You call me lord, and rightly so, for that is what I am. Now that I, your lord and your teacher, have washed your feet. Now you should also wash one another's feet. I have set you an example that you should do as I have done for you." The result of Jesus' humiliation comes back to serving others for the glory of Jesus Christ. Jesus is glorified when we serve one another faithfully.
And for us who have been so touched and so moved, for us who have come to understand what it cost Jesus Christ to die on the cross for me, we cannot remain unmoved by that. It will move us. It will draw something out of us and say, "It is not enough to simply receive this. It is my desire now to serve my King. It is my desire to serve my Saviour."
Ironically, however, this humility that Jesus is talking about is at odds with the most popular ideas of what constitutes spirituality. Some people have said that the nearer you get to God, the further you must be from mankind. You must remove yourself more and more and get closer to God, but God is actually saying here through Jesus Christ, the opposite is true. Actual proximity to God comes through serving someone else. So in terms of sacrificing to serve others, there was never anything that Jesus was unwilling to do.
And the question then for us, as people who call ourselves Jesus followers, is why, if Jesus was willing to serve, why would his disciples and followers do anything different? "I tell you the truth," Jesus said, "no servant is greater than his master, nor is a messenger greater than the one who has sent him. And now that you know these things, you will be blessed if you do them." In the story of the foot washing of the disciples, we have no greater insight into the heart of our God, apart perhaps from the crucifixion, for what his love looks like and the extent to which he will go to show it.

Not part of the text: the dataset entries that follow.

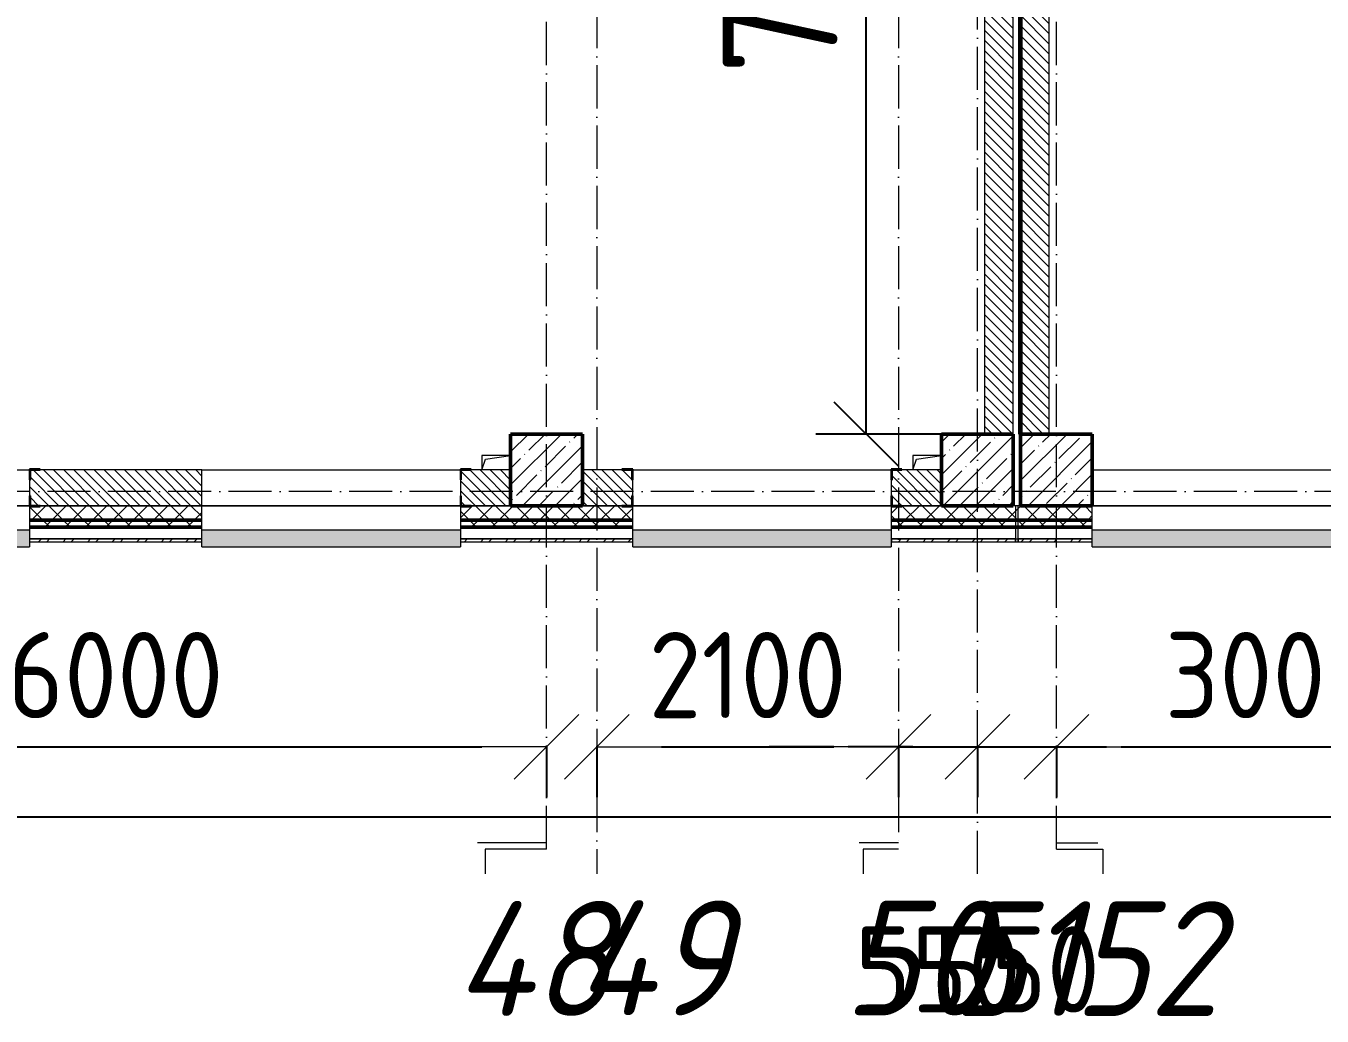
# Model space of a CAD drawing. Header units: millimetres. Extents: x 2294 to 908349, y -83289 to 219220.
# Drawn here: x 230559 to 239584, y 551 to 7449 of the extents above; entities that cross this region are included whole.
import ezdxf

# ---------------------------------------------------------------- set-up
doc = ezdxf.new("R2010")
doc.units = ezdxf.units.MM
doc.linetypes.add('50_200_ШТРИХ_1Т_ш5_п1_п1_', pattern=[700, 500, -100, 0, -100])
for name, color, linetype, lineweight in [('A-____-____-DIMS', 7, 'Continuous', 9), ('A-GENM-____-MCUT', 7, 'Continuous', 25), ('A-GENM-____-OTLN', 7, 'Continuous', 9), ('A-GENM-____-OTLN-1', 7, 'Continuous', 25), ('A-GLAZ-____-OTLN', 7, 'Continuous', 9), ('A-WALL-____-MCUT-2', 7, 'Continuous', 50), ('A-WALL-____-MCUT-3', 7, 'Continuous', 9), ('A-WALL-____-OTLN', 7, 'Continuous', 9), ('A-WALL-____-PATT-1', 7, 'Continuous', 9), ('A-WALL-FNSH-MCUT-1', 7, 'Continuous', 9), ('S-COLS-____-MCUT', 7, 'Continuous', 50), ('S-COLS-____-OTLN', 7, 'Continuous', 9), ('S-GRID-____-IDEN', 7, 'Continuous', 9), ('S-GRID-____-OTLN', 7, 'Continuous', 9), ('S-GRID-____-OTLN-1', 7, '50_200_ШТРИХ_1Т_ш5_п1_п1_', 9)]:
    doc.layers.add(name, color=color, linetype=linetype, lineweight=lineweight)
doc.layers.add('A-GLAZ-____-OTLN-1', color=7, linetype='Continuous', lineweight=9, true_color=0xc0c0c0)
doc.styles.add('ISOCPEUR_I', font='isocpeui.ttf', dxfattribs={"width": 0.9, "height": 2.5})
doc.styles.add('СПДС', font='isocpeur.ttf', dxfattribs={"width": 0.9})
doc.dimstyles.new('Размера А3', dxfattribs={"dimtxt": 800, "dimasz": 450, "dimexe": 350, "dimexo": 100, "dimgap": 200, "dimtad": 1, "dimdec": 0, "dimrnd": 10, "dimzin": 0, "dimdsep": 46, "dimtxsty": 'СПДС', "dimblk": 'ARROWHEAD_6', "dimcen": 1, "dimclrd": 5, "dimclre": 5, "dimclrt": 5, "dimazin": 0, "dimtfac": 1, "dimtdec": 0, "dimtmove": 2, "dimatfit": 3, "dimfxl": 1, "dimtolj": 1, "dimtzin": 0, "dimarcsym": 0})
pattern_1 = [(135, (165583.507, 6025.276), (-35.35534, -35.35534), [])]
pattern_2 = [(45, (165583.51, 6025.28), (-70.71068, 70.71068), []), (135, (165583.51, 6025.28), (-70.71068, -70.71068), [])]
pattern_3 = [(45, (165583.51, 6025.28), (-85.53659, 85.53659), []), (45, (165640.53, 6025.28), (-85.53659, 85.53659), [])]

# ---------------------------------------------------------------- blocks, each defined once
blk = doc.blocks.new('ARROWHEAD_6')
at = {"color": 0, "linetype": 'Continuous'}
for p, q in [((-0.5, -0.5), (0.5, 0.5)), ((0, 0), (-1, 0))]:
    blk.add_line(p, q, dxfattribs=at)
blk = doc.blocks.new('*D2730')
at = {"layer": 'A-____-____-DIMS', "color": 0, "lineweight": -2, "transparency": 16777216}
for p, q in [((228183.5, 2432.8), (228183.5, 2076.8)), ((228633.5, 2426.8), (233733.5, 2426.8)), ((234183.5, 2432.8), (234183.5, 2076.8))]:
    blk.add_line(p, q, dxfattribs=at)
at = {"layer": 'Defpoints', "color": 0, "transparency": 16777216}
for p in [(228183.5, 2532.8), (234183.5, 2532.8), (234183.5, 2426.8)]:
    blk.add_point(p, dxfattribs=at)
at = {"layer": 'A-____-____-DIMS', "color": 0, "lineweight": -2, "transparency": 16777216, "xscale": 450, "yscale": 450, "zscale": 450, "rotation": 180}
blk.add_blockref('ARROWHEAD_6', (228183.5, 2426.8), dxfattribs=at)
at = {"layer": 'A-____-____-DIMS', "color": 0, "lineweight": -2, "transparency": 16777216, "xscale": 450, "yscale": 450, "zscale": 450}
blk.add_blockref('ARROWHEAD_6', (234183.5, 2426.8), dxfattribs=at)
at = {"layer": 'A-____-____-DIMS', "color": 0, "transparency": 16777216, "insert": (231183.5, 2926.8), "char_height": 600, "attachment_point": 5, "style": 'СПДС'}
blk.add_mtext('\\A1;6000', dxfattribs=at)
blk = doc.blocks.new('*D2731')
at = {"layer": 'A-____-____-DIMS', "color": 0, "lineweight": -2, "transparency": 16777216}
for p, q in [((234533.5, 2432.8), (234533.5, 2076.8)), ((234983.5, 2426.8), (236183.5, 2426.8)), ((236633.5, 2432.8), (236633.5, 2076.8))]:
    blk.add_line(p, q, dxfattribs=at)
at = {"layer": 'Defpoints', "color": 0, "transparency": 16777216}
for p in [(234533.5, 2532.8), (236633.5, 2532.8), (236633.5, 2426.8)]:
    blk.add_point(p, dxfattribs=at)
at = {"layer": 'A-____-____-DIMS', "color": 0, "lineweight": -2, "transparency": 16777216, "xscale": 450, "yscale": 450, "zscale": 450, "rotation": 180}
blk.add_blockref('ARROWHEAD_6', (234533.5, 2426.8), dxfattribs=at)
at = {"layer": 'A-____-____-DIMS', "color": 0, "lineweight": -2, "transparency": 16777216, "xscale": 450, "yscale": 450, "zscale": 450}
blk.add_blockref('ARROWHEAD_6', (236633.5, 2426.8), dxfattribs=at)
at = {"layer": 'A-____-____-DIMS', "color": 0, "transparency": 16777216, "insert": (235583.5, 2926.8), "char_height": 600, "attachment_point": 5, "style": 'СПДС'}
blk.add_mtext('\\A1;2100', dxfattribs=at)
blk = doc.blocks.new('*D2732')
at = {"layer": 'A-____-____-DIMS', "color": 0, "lineweight": -2, "transparency": 16777216}
for p, q in [((236183.5, 2426.8), (235733.5, 2426.8)), ((236633.5, 2432.8), (236633.5, 2076.8)), ((236633.5, 2426.8), (237183.5, 2426.8)), ((237183.5, 2432.8), (237183.5, 2076.8)), ((237633.5, 2426.8), (238083.5, 2426.8))]:
    blk.add_line(p, q, dxfattribs=at)
at = {"layer": 'Defpoints', "color": 0, "transparency": 16777216}
for p in [(236633.5, 2532.8), (237183.5, 2532.8), (237183.5, 2426.8)]:
    blk.add_point(p, dxfattribs=at)
at = {"layer": 'A-____-____-DIMS', "color": 0, "lineweight": -2, "transparency": 16777216, "xscale": 450, "yscale": 450, "zscale": 450}
blk.add_blockref('ARROWHEAD_6', (236633.5, 2426.8), dxfattribs=at)
at = {"layer": 'A-____-____-DIMS', "color": 0, "lineweight": -2, "transparency": 16777216, "xscale": 450, "yscale": 450, "zscale": 450, "rotation": 180}
blk.add_blockref('ARROWHEAD_6', (237183.5, 2426.8), dxfattribs=at)
at = {"layer": 'A-____-____-DIMS', "color": 0, "transparency": 16777216, "insert": (236908.5, 876.8), "char_height": 600, "attachment_point": 5, "style": 'СПДС'}
blk.add_mtext('\\A1;550', dxfattribs=at)
blk = doc.blocks.new('*D2733')
at = {"layer": 'A-____-____-DIMS', "color": 0, "lineweight": -2, "transparency": 16777216}
for p, q in [((236733.5, 2426.8), (236283.5, 2426.8)), ((237183.5, 2432.8), (237183.5, 2076.8)), ((237183.5, 2426.8), (237733.5, 2426.8)), ((237733.5, 2432.8), (237733.5, 2076.8)), ((238183.5, 2426.8), (238633.5, 2426.8))]:
    blk.add_line(p, q, dxfattribs=at)
at = {"layer": 'Defpoints', "color": 0, "transparency": 16777216}
for p in [(237183.5, 2532.8), (237733.5, 2532.8), (237733.5, 2426.8)]:
    blk.add_point(p, dxfattribs=at)
at = {"layer": 'A-____-____-DIMS', "color": 0, "lineweight": -2, "transparency": 16777216, "xscale": 450, "yscale": 450, "zscale": 450}
blk.add_blockref('ARROWHEAD_6', (237183.5, 2426.8), dxfattribs=at)
at = {"layer": 'A-____-____-DIMS', "color": 0, "lineweight": -2, "transparency": 16777216, "xscale": 450, "yscale": 450, "zscale": 450, "rotation": 180}
blk.add_blockref('ARROWHEAD_6', (237733.5, 2426.8), dxfattribs=at)
at = {"layer": 'A-____-____-DIMS', "color": 0, "transparency": 16777216, "insert": (237458.5, 876.8), "char_height": 600, "attachment_point": 5, "style": 'СПДС'}
blk.add_mtext('\\A1;550', dxfattribs=at)
blk = doc.blocks.new('*D2734')
at = {"layer": 'A-____-____-DIMS', "color": 0, "lineweight": -2, "transparency": 16777216}
for p, q in [((237733.5, 2432.8), (237733.5, 2076.8)), ((238183.5, 2426.8), (240283.5, 2426.8)), ((240733.5, 2432.8), (240733.5, 2076.8))]:
    blk.add_line(p, q, dxfattribs=at)
at = {"layer": 'Defpoints', "color": 0, "transparency": 16777216}
for p in [(237733.5, 2532.8), (240733.5, 2532.8), (240733.5, 2426.8)]:
    blk.add_point(p, dxfattribs=at)
at = {"layer": 'A-____-____-DIMS', "color": 0, "lineweight": -2, "transparency": 16777216, "xscale": 450, "yscale": 450, "zscale": 450, "rotation": 180}
blk.add_blockref('ARROWHEAD_6', (237733.5, 2426.8), dxfattribs=at)
at = {"layer": 'A-____-____-DIMS', "color": 0, "lineweight": -2, "transparency": 16777216, "xscale": 450, "yscale": 450, "zscale": 450}
blk.add_blockref('ARROWHEAD_6', (240733.5, 2426.8), dxfattribs=at)
at = {"layer": 'A-____-____-DIMS', "color": 0, "transparency": 16777216, "insert": (239233.5, 2926.8), "char_height": 600, "attachment_point": 5, "style": 'СПДС'}
blk.add_mtext('\\A1;3000', dxfattribs=at)
blk = doc.blocks.new('*D2741')
at = {"layer": 'A-____-____-DIMS', "color": 0, "lineweight": -2, "transparency": 16777216}
for p, q in [((163233.5, 1944.6), (163233.5, 1588.5)), ((163683.5, 1938.5), (266283.5, 1938.5)), ((266733.5, 1944.6), (266733.5, 1588.5))]:
    blk.add_line(p, q, dxfattribs=at)
at = {"layer": 'Defpoints', "color": 0, "transparency": 16777216}
for p in [(163233.5, 2044.6), (266733.5, 2044.6), (266733.5, 1938.5)]:
    blk.add_point(p, dxfattribs=at)
at = {"layer": 'A-____-____-DIMS', "color": 0, "lineweight": -2, "transparency": 16777216, "xscale": 450, "yscale": 450, "zscale": 450, "rotation": 180}
blk.add_blockref('ARROWHEAD_6', (163233.5, 1938.5), dxfattribs=at)
at = {"layer": 'A-____-____-DIMS', "color": 0, "lineweight": -2, "transparency": 16777216, "xscale": 450, "yscale": 450, "zscale": 450}
blk.add_blockref('ARROWHEAD_6', (266733.5, 1938.5), dxfattribs=at)
at = {"layer": 'A-____-____-DIMS', "color": 0, "transparency": 16777216, "insert": (214983.5, 2438.5), "char_height": 600, "attachment_point": 5, "style": 'СПДС'}
blk.add_mtext('\\A1;103500', dxfattribs=at)
blk = doc.blocks.new('BSC_Колонна _Прямоугольная - 500х500-V58-АР1_План отверстий 3 этажа в осях 1-64_А-ГГ')
at = {"layer": 'S-COLS-____-OTLN'}
h = blk.add_hatch(dxfattribs=at)
h.set_pattern_fill('FP_95', color=256, style=0, pattern_type=2)
h.set_pattern_definition([(45, (-71600, 1668.96), (-114.04925, 114.04925), []), (45, (-71485.95, 1668.96), (-114.04925, 114.04925), [201.613, -40.323, 3.353, -36.97])])
h.paths.add_polyline_path([(-250, -250), (250, -250), (250, 250), (-250, 250)], flags=0)
at = {"layer": 'S-COLS-____-MCUT'}
for p, q in [((250, 250), (-250, 250)), ((-250, 250), (-250, -250)), ((250, -250), (250, 250)), ((-250, -250), (250, -250))]:
    blk.add_line(p, q, dxfattribs=at)
blk = doc.blocks.new('BSC_Колонна _Прямоугольная - 500х500-V60-АР1_План отверстий 3 этажа в осях 1-64_А-ГГ')
at = {"layer": 'S-COLS-____-OTLN'}
h = blk.add_hatch(dxfattribs=at)
h.set_pattern_fill('FP_97', color=256, style=0, pattern_type=2)
h.set_pattern_definition([(45, (-68600, 1668.96), (-114.04925, 114.04925), []), (45, (-68485.95, 1668.96), (-114.04925, 114.04925), [201.613, -40.323, 3.353, -36.97])])
h.paths.add_polyline_path([(-250, -250), (250, -250), (250, 250), (-250, 250)], flags=0)
at = {"layer": 'S-COLS-____-MCUT'}
for p, q in [((250, 250), (-250, 250)), ((-250, 250), (-250, -250)), ((250, -250), (250, 250)), ((-250, -250), (250, -250))]:
    blk.add_line(p, q, dxfattribs=at)
blk = doc.blocks.new('BSC_Колонна _Прямоугольная - 500х500-V131-АР1_План отверстий 3 этажа в осях 1-64_А-ГГ')
at = {"layer": 'S-COLS-____-OTLN'}
h = blk.add_hatch(dxfattribs=at)
h.set_pattern_fill('FP_154', color=256, style=0, pattern_type=2)
h.set_pattern_definition([(45, (-72150, 1668.96), (-114.04925, 114.04925), []), (45, (-72035.95, 1668.96), (-114.04925, 114.04925), [201.613, -40.323, 3.353, -36.97])])
h.paths.add_polyline_path([(-250, -250), (250, -250), (250, 250), (-250, 250)], flags=0)
at = {"layer": 'S-COLS-____-MCUT'}
for p, q in [((250, 250), (-250, 250)), ((-250, 250), (-250, -250)), ((250, -250), (250, 250)), ((-250, -250), (250, -250))]:
    blk.add_line(p, q, dxfattribs=at)
blk = doc.blocks.new('Фахверк_СКБ_Уголок - 250_2700-27497298-АР1_План отверстий 3 этажа в осях 1-64_А-ГГ')
at = {"layer": 'A-GENM-____-MCUT'}
for p, q in [((200, 181), (125, 181)), ((125, 181), (125, 106)), ((200, 175), (200, 181)), ((125, 106), (131, 106)), ((131, 106), (131, 175)), ((131, 175), (200, 175)), ((131, -6), (125, -6)), ((125, -6), (125, -81)), ((125, -81), (200, -81)), ((131, -75), (131, -6)), ((200, -75), (131, -75)), ((200, -81), (200, -75))]:
    blk.add_line(p, q, dxfattribs=at)
blk = doc.blocks.new('AR_Отверстие прямоугольное _в плите_ - AR_Отверстие прямоугольное _в плите_-V177-АР1_План отверстий 3 этажа в осях 1-64_А-ГГ')
at = {"layer": 'A-GENM-____-OTLN'}
for p, q in [((100, 50), (-100, 50)), ((-100, 50), (-100, -50)), ((-100, -50), (-75, 25)), ((-75, 25), (100, 50))]:
    blk.add_line(p, q, dxfattribs=at)
blk = doc.blocks.new('Отлив_СКБ - Отлив витража_120_НВФ-31885687-АР1_План отверстий 3 этажа в осях 1-64_А-ГГ')
at = {"layer": 'A-GLAZ-____-OTLN-1'}
for points in [[(0, 0), (0, -2), (1800, -2), (1800, 0), (534.2, 0)], [(0, -2), (0, -120), (1800, -120), (1800, -2), (534.2, -2)]]:
    blk.add_hatch(color=256, dxfattribs=at).paths.add_polyline_path(points, flags=0)
at = {"layer": 'A-GLAZ-____-OTLN'}
for p, q in [((0, 0), (1800, 0)), ((1800, -2), (0, -2)), ((0, -120), (0, -83)), ((1800, -83), (1800, -120)), ((0, -120), (1800, -120))]:
    blk.add_line(p, q, dxfattribs=at)
blk = doc.blocks.new('Отлив_СКБ - Отлив витража_120_НВФ-V214-АР1_План отверстий 3 этажа в осях 1-64_А-ГГ')
at = {"layer": 'A-GLAZ-____-OTLN-1'}
for points in [[(0, -2), (1800, -2), (1800, 0), (0, 0)], [(730.8, -120), (1800, -120), (1800, -2), (0, -2), (0, -120)]]:
    blk.add_hatch(color=256, dxfattribs=at).paths.add_polyline_path(points, flags=0)
at = {"layer": 'A-GLAZ-____-OTLN'}
for p, q in [((0, 0), (1800, 0)), ((1800, -2), (0, -2)), ((0, -120), (0, -83)), ((1800, -63), (1800, -120)), ((0, -120), (1800, -120))]:
    blk.add_line(p, q, dxfattribs=at)
blk = doc.blocks.new('Стены 8 - Стены 4-31196234-АР1_План отверстий 3 этажа в осях 1-64_А-ГГ')
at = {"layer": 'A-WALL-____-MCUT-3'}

Friends, as we journey to the cross, I want to remind you and tell you that you have been cleansed. Your forgiveness is as a washing away of dirt and grime that sticks and clings to us. The work of Jesus shouldn't surprise us that it will draw out of us a great humility, that we cannot be proud Christians. We cannot be prideful because everything we've received has been undeserved. It has been the greater serving the lesser rather than the lesser serving the greater.
But hear these words of Jesus, that if we give love and if we receive love, if we offer ourselves to others, we will be blessed. We will be blessed. Do you look for a blessed life? Do you look for a fulfilled, joyful life? This is the model to follow.
So may his blessing fall upon this church and on each of our lives as we offer our lives as sacrifices to him. Let's pray. Father, we thank you for our Saviour, Lord Jesus, who so powerfully showed us these words by these actions that he loves us, that by these actions he was portraying the full extent of his love. Lord, who are we that we should receive such service? Who are we that the King of majesty who holds the universe in the palm of his hand, for whom and through whom all things were created?
Who are we to have him wash our feet, to cleanse us, to make us part of his people. Father, it is hard to explain and express what this humility should drive us towards. But as we reflect on this time of Easter, Lord, help us to grow in this humility. Help us to think far less about what we need, what we want, what we deserve. Lord, and let us ask you more often, "What do you want of us?"
Let us ask one another, "How may we serve you best?" May we speak to our own hearts that are so prone to pride and say to ourselves, "I choose to serve." And Lord, may we then, through that, receive so much blessing, so much joy, so much fulfilment. May we see glory being given to you through it. May we see your name and your fame and the honour that is due to you be given to you through these actions.
Father, help us to restore this equilibrium in our lives. Help us to become lesser so that you may become greater. We ask in Jesus' name. Amen.